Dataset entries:
※ ※ ※

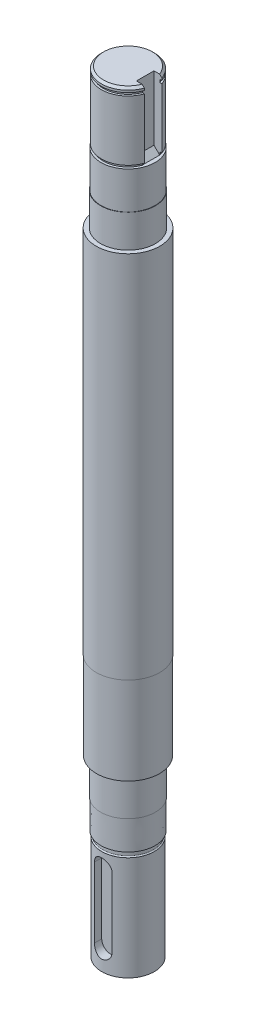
ISO-10303-21;
HEADER;
FILE_DESCRIPTION(('STEP AP214'),'2;1');
FILE_NAME('part.step','',(''),(''),'','','');
FILE_SCHEMA(('AUTOMOTIVE_DESIGN { 1 0 10303 214 1 1 1 1 }'));
ENDSEC;
DATA;
#1=APPLICATION_CONTEXT('core data for automotive mechanical design processes');
#2=APPLICATION_PROTOCOL_DEFINITION('international standard','automotive_design',2000,#1);
#3=PRODUCT_CONTEXT('',#1,'mechanical');
#4=PRODUCT('Part','Part','',(#3));
#5=PRODUCT_RELATED_PRODUCT_CATEGORY('part','',(#4));
#6=PRODUCT_DEFINITION_FORMATION('','',#4);
#7=PRODUCT_DEFINITION_CONTEXT('part definition',#1,'design');
#8=PRODUCT_DEFINITION('design','',#6,#7);
#9=PRODUCT_DEFINITION_SHAPE('','',#8);
#10=(LENGTH_UNIT() NAMED_UNIT(*) SI_UNIT(.MILLI.,.METRE.));
#11=(NAMED_UNIT(*) PLANE_ANGLE_UNIT() SI_UNIT($,.RADIAN.));
#12=(NAMED_UNIT(*) SI_UNIT($,.STERADIAN.) SOLID_ANGLE_UNIT());
#13=UNCERTAINTY_MEASURE_WITH_UNIT(LENGTH_MEASURE(1.E-05),#10,'distance_accuracy_value','');
#14=(GEOMETRIC_REPRESENTATION_CONTEXT(3) GLOBAL_UNCERTAINTY_ASSIGNED_CONTEXT((#13)) GLOBAL_UNIT_ASSIGNED_CONTEXT((#10,
#11,#12)) REPRESENTATION_CONTEXT('',''));
#15=CARTESIAN_POINT('',(0.,0.,0.));
#16=DIRECTION('',(0.,0.,1.));
#17=DIRECTION('',(1.,0.,0.));
#18=AXIS2_PLACEMENT_3D('',#15,#16,#17);
#19=CARTESIAN_POINT('',(12.,50.,0.));
#20=DIRECTION('',(0.,-1.,0.));
#21=DIRECTION('',(0.,0.,-1.));
#22=AXIS2_PLACEMENT_3D('',#19,#20,#21);
#23=PLANE('',#22);
#24=CARTESIAN_POINT('',(0.,50.,0.));
#25=DIRECTION('',(0.,-1.,0.));
#26=DIRECTION('',(0.,0.,-1.));
#27=AXIS2_PLACEMENT_3D('',#24,#25,#26);
#28=CIRCLE('',#27,12.35);
#29=CARTESIAN_POINT('',(0.,50.,-12.35));
#30=VERTEX_POINT('',#29);
#31=EDGE_CURVE('E295',#30,#30,#28,.T.);
#32=ORIENTED_EDGE('',*,*,#31,.T.);
#33=EDGE_LOOP('',(#32));
#34=FACE_BOUND('',#33,.T.);
#35=CARTESIAN_POINT('',(0.,50.,0.));
#36=DIRECTION('',(0.,-1.,0.));
#37=DIRECTION('',(0.,0.,-1.));
#38=AXIS2_PLACEMENT_3D('',#35,#36,#37);
#39=CIRCLE('',#38,11.99);
#40=CARTESIAN_POINT('',(0.,50.,-11.99));
#41=VERTEX_POINT('',#40);
#42=EDGE_CURVE('E219',#41,#41,#39,.T.);
#43=ORIENTED_EDGE('',*,*,#42,.F.);
#44=EDGE_LOOP('',(#43));
#45=FACE_BOUND('',#44,.T.);
#46=ADVANCED_FACE('F33',(#34,#45),#23,.T.);
#47=CARTESIAN_POINT('',(0.,50.,0.));
#48=DIRECTION('',(0.,-1.,0.));
#49=DIRECTION('',(0.,0.,-1.));
#50=AXIS2_PLACEMENT_3D('',#47,#48,#49);
#51=CONICAL_SURFACE('',#50,12.35,0.000548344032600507);
#52=CARTESIAN_POINT('',(0.,63.3,0.));
#53=DIRECTION('',(0.,-1.,0.));
#54=DIRECTION('',(0.,0.,-1.));
#55=AXIS2_PLACEMENT_3D('',#52,#53,#54);
#56=CIRCLE('',#55,12.3427070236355);
#57=CARTESIAN_POINT('',(0.,63.3,-12.3427070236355));
#58=VERTEX_POINT('',#57);
#59=EDGE_CURVE('E292',#58,#58,#56,.T.);
#60=ORIENTED_EDGE('',*,*,#59,.T.);
#61=EDGE_LOOP('',(#60));
#62=FACE_BOUND('',#61,.T.);
#63=ORIENTED_EDGE('',*,*,#31,.F.);
#64=EDGE_LOOP('',(#63));
#65=FACE_BOUND('',#64,.T.);
#66=ADVANCED_FACE('F376',(#62,#65),#51,.T.);
#67=CARTESIAN_POINT('',(12.5,63.3,0.));
#68=DIRECTION('',(0.,-1.,0.));
#69=DIRECTION('',(0.,0.,-1.));
#70=AXIS2_PLACEMENT_3D('',#67,#68,#69);
#71=PLANE('',#70);
#72=CARTESIAN_POINT('',(0.,63.3,0.));
#73=DIRECTION('',(0.,-1.,0.));
#74=DIRECTION('',(0.,0.,-1.));
#75=AXIS2_PLACEMENT_3D('',#72,#73,#74);
#76=CIRCLE('',#75,12.5);
#77=CARTESIAN_POINT('',(0.,63.3,-12.5));
#78=VERTEX_POINT('',#77);
#79=EDGE_CURVE('E289',#78,#78,#76,.T.);
#80=ORIENTED_EDGE('',*,*,#79,.T.);
#81=EDGE_LOOP('',(#80));
#82=FACE_BOUND('',#81,.T.);
#83=ORIENTED_EDGE('',*,*,#59,.F.);
#84=EDGE_LOOP('',(#83));
#85=FACE_BOUND('',#84,.T.);
#86=ADVANCED_FACE('F381',(#82,#85),#71,.T.);
#87=CARTESIAN_POINT('',(0.,326.056951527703,0.));
#88=DIRECTION('',(0.,-1.,0.));
#89=DIRECTION('',(0.,0.,-1.));
#90=AXIS2_PLACEMENT_3D('',#87,#88,#89);
#91=CYLINDRICAL_SURFACE('',#90,12.5);
#92=CARTESIAN_POINT('',(0.,79.5,0.));
#93=DIRECTION('',(0.,-1.,0.));
#94=DIRECTION('',(0.,0.,-1.));
#95=AXIS2_PLACEMENT_3D('',#92,#93,#94);
#96=CIRCLE('',#95,12.5);
#97=CARTESIAN_POINT('',(0.,79.5,-12.5));
#98=VERTEX_POINT('',#97);
#99=EDGE_CURVE('E286',#98,#98,#96,.T.);
#100=ORIENTED_EDGE('',*,*,#99,.T.);
#101=EDGE_LOOP('',(#100));
#102=FACE_BOUND('',#101,.T.);
#103=ORIENTED_EDGE('',*,*,#79,.F.);
#104=EDGE_LOOP('',(#103));
#105=FACE_BOUND('',#104,.T.);
#106=ADVANCED_FACE('F388',(#102,#105),#91,.T.);
#107=CARTESIAN_POINT('',(12.5,79.5,0.));
#108=DIRECTION('',(0.,-1.,0.));
#109=DIRECTION('',(0.,0.,-1.));
#110=AXIS2_PLACEMENT_3D('',#107,#108,#109);
#111=PLANE('',#110);
#112=CARTESIAN_POINT('',(0.,79.5,0.));
#113=DIRECTION('',(0.,-1.,0.));
#114=DIRECTION('',(0.,0.,-1.));
#115=AXIS2_PLACEMENT_3D('',#112,#113,#114);
#116=CIRCLE('',#115,14.4);
#117=CARTESIAN_POINT('',(0.,79.5,-14.4));
#118=VERTEX_POINT('',#117);
#119=EDGE_CURVE('E283',#118,#118,#116,.T.);
#120=ORIENTED_EDGE('',*,*,#119,.T.);
#121=EDGE_LOOP('',(#120));
#122=FACE_BOUND('',#121,.T.);
#123=ORIENTED_EDGE('',*,*,#99,.F.);
#124=EDGE_LOOP('',(#123));
#125=FACE_BOUND('',#124,.T.);
#126=ADVANCED_FACE('F392',(#122,#125),#111,.T.);
#127=CARTESIAN_POINT('',(0.,326.056951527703,0.));
#128=DIRECTION('',(0.,-1.,0.));
#129=DIRECTION('',(0.,0.,-1.));
#130=AXIS2_PLACEMENT_3D('',#127,#128,#129);
#131=CYLINDRICAL_SURFACE('',#130,14.4);
#132=CARTESIAN_POINT('',(0.,119.5,0.));
#133=DIRECTION('',(0.,-1.,0.));
#134=DIRECTION('',(0.,0.,-1.));
#135=AXIS2_PLACEMENT_3D('',#132,#133,#134);
#136=CIRCLE('',#135,14.4);
#137=CARTESIAN_POINT('',(0.,119.5,-14.4));
#138=VERTEX_POINT('',#137);
#139=EDGE_CURVE('E280',#138,#138,#136,.T.);
#140=ORIENTED_EDGE('',*,*,#139,.T.);
#141=EDGE_LOOP('',(#140));
#142=FACE_BOUND('',#141,.T.);
#143=ORIENTED_EDGE('',*,*,#119,.F.);
#144=EDGE_LOOP('',(#143));
#145=FACE_BOUND('',#144,.T.);
#146=ADVANCED_FACE('F396',(#142,#145),#131,.T.);
#147=CARTESIAN_POINT('',(14.5,119.5,0.));
#148=DIRECTION('',(0.,-1.,0.));
#149=DIRECTION('',(0.,0.,-1.));
#150=AXIS2_PLACEMENT_3D('',#147,#148,#149);
#151=PLANE('',#150);
#152=CARTESIAN_POINT('',(0.,119.5,0.));
#153=DIRECTION('',(0.,-1.,0.));
#154=DIRECTION('',(0.,0.,-1.));
#155=AXIS2_PLACEMENT_3D('',#152,#153,#154);
#156=CIRCLE('',#155,14.5);
#157=CARTESIAN_POINT('',(0.,119.5,-14.5));
#158=VERTEX_POINT('',#157);
#159=EDGE_CURVE('E277',#158,#158,#156,.T.);
#160=ORIENTED_EDGE('',*,*,#159,.T.);
#161=EDGE_LOOP('',(#160));
#162=FACE_BOUND('',#161,.T.);
#163=ORIENTED_EDGE('',*,*,#139,.F.);
#164=EDGE_LOOP('',(#163));
#165=FACE_BOUND('',#164,.T.);
#166=ADVANCED_FACE('F400',(#162,#165),#151,.T.);
#167=CARTESIAN_POINT('',(0.,326.056951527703,0.));
#168=DIRECTION('',(0.,-1.,0.));
#169=DIRECTION('',(0.,0.,-1.));
#170=AXIS2_PLACEMENT_3D('',#167,#168,#169);
#171=CYLINDRICAL_SURFACE('',#170,14.5);
#172=CARTESIAN_POINT('',(0.,288.,0.));
#173=DIRECTION('',(0.,-1.,0.));
#174=DIRECTION('',(0.,0.,-1.));
#175=AXIS2_PLACEMENT_3D('',#172,#173,#174);
#176=CIRCLE('',#175,14.5000000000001);
#177=CARTESIAN_POINT('',(0.,288.,-14.5000000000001));
#178=VERTEX_POINT('',#177);
#179=EDGE_CURVE('E274',#178,#178,#176,.T.);
#180=ORIENTED_EDGE('',*,*,#179,.T.);
#181=EDGE_LOOP('',(#180));
#182=FACE_BOUND('',#181,.T.);
#183=ORIENTED_EDGE('',*,*,#159,.F.);
#184=EDGE_LOOP('',(#183));
#185=FACE_BOUND('',#184,.T.);
#186=ADVANCED_FACE('F404',(#182,#185),#171,.T.);
#187=CARTESIAN_POINT('',(14.5000000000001,288.,0.));
#188=DIRECTION('',(0.,1.,0.));
#189=DIRECTION('',(0.,0.,1.));
#190=AXIS2_PLACEMENT_3D('',#187,#188,#189);
#191=PLANE('',#190);
#192=CARTESIAN_POINT('',(0.,288.,0.));
#193=DIRECTION('',(0.,-1.,0.));
#194=DIRECTION('',(0.,0.,-1.));
#195=AXIS2_PLACEMENT_3D('',#192,#193,#194);
#196=CIRCLE('',#195,12.5);
#197=CARTESIAN_POINT('',(0.,288.,-12.5));
#198=VERTEX_POINT('',#197);
#199=EDGE_CURVE('E271',#198,#198,#196,.T.);
#200=ORIENTED_EDGE('',*,*,#199,.T.);
#201=EDGE_LOOP('',(#200));
#202=FACE_BOUND('',#201,.T.);
#203=ORIENTED_EDGE('',*,*,#179,.F.);
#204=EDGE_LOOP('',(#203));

※ ※ ※

# TASK REQUIREMENTS
Each line from the one with "#194=DIRECTION('',(0.,0.,-1.));" through the end of the entries above must be set down exactly, both end lines included, and no other line may appear.

# WRITTEN REPLY
#194=DIRECTION('',(0.,0.,-1.));
#195=AXIS2_PLACEMENT_3D('',#192,#193,#194);
#196=CIRCLE('',#195,12.5);
#197=CARTESIAN_POINT('',(0.,288.,-12.5));
#198=VERTEX_POINT('',#197);
#199=EDGE_CURVE('E271',#198,#198,#196,.T.);
#200=ORIENTED_EDGE('',*,*,#199,.T.);
#201=EDGE_LOOP('',(#200));
#202=FACE_BOUND('',#201,.T.);
#203=ORIENTED_EDGE('',*,*,#179,.F.);
#204=EDGE_LOOP('',(#203));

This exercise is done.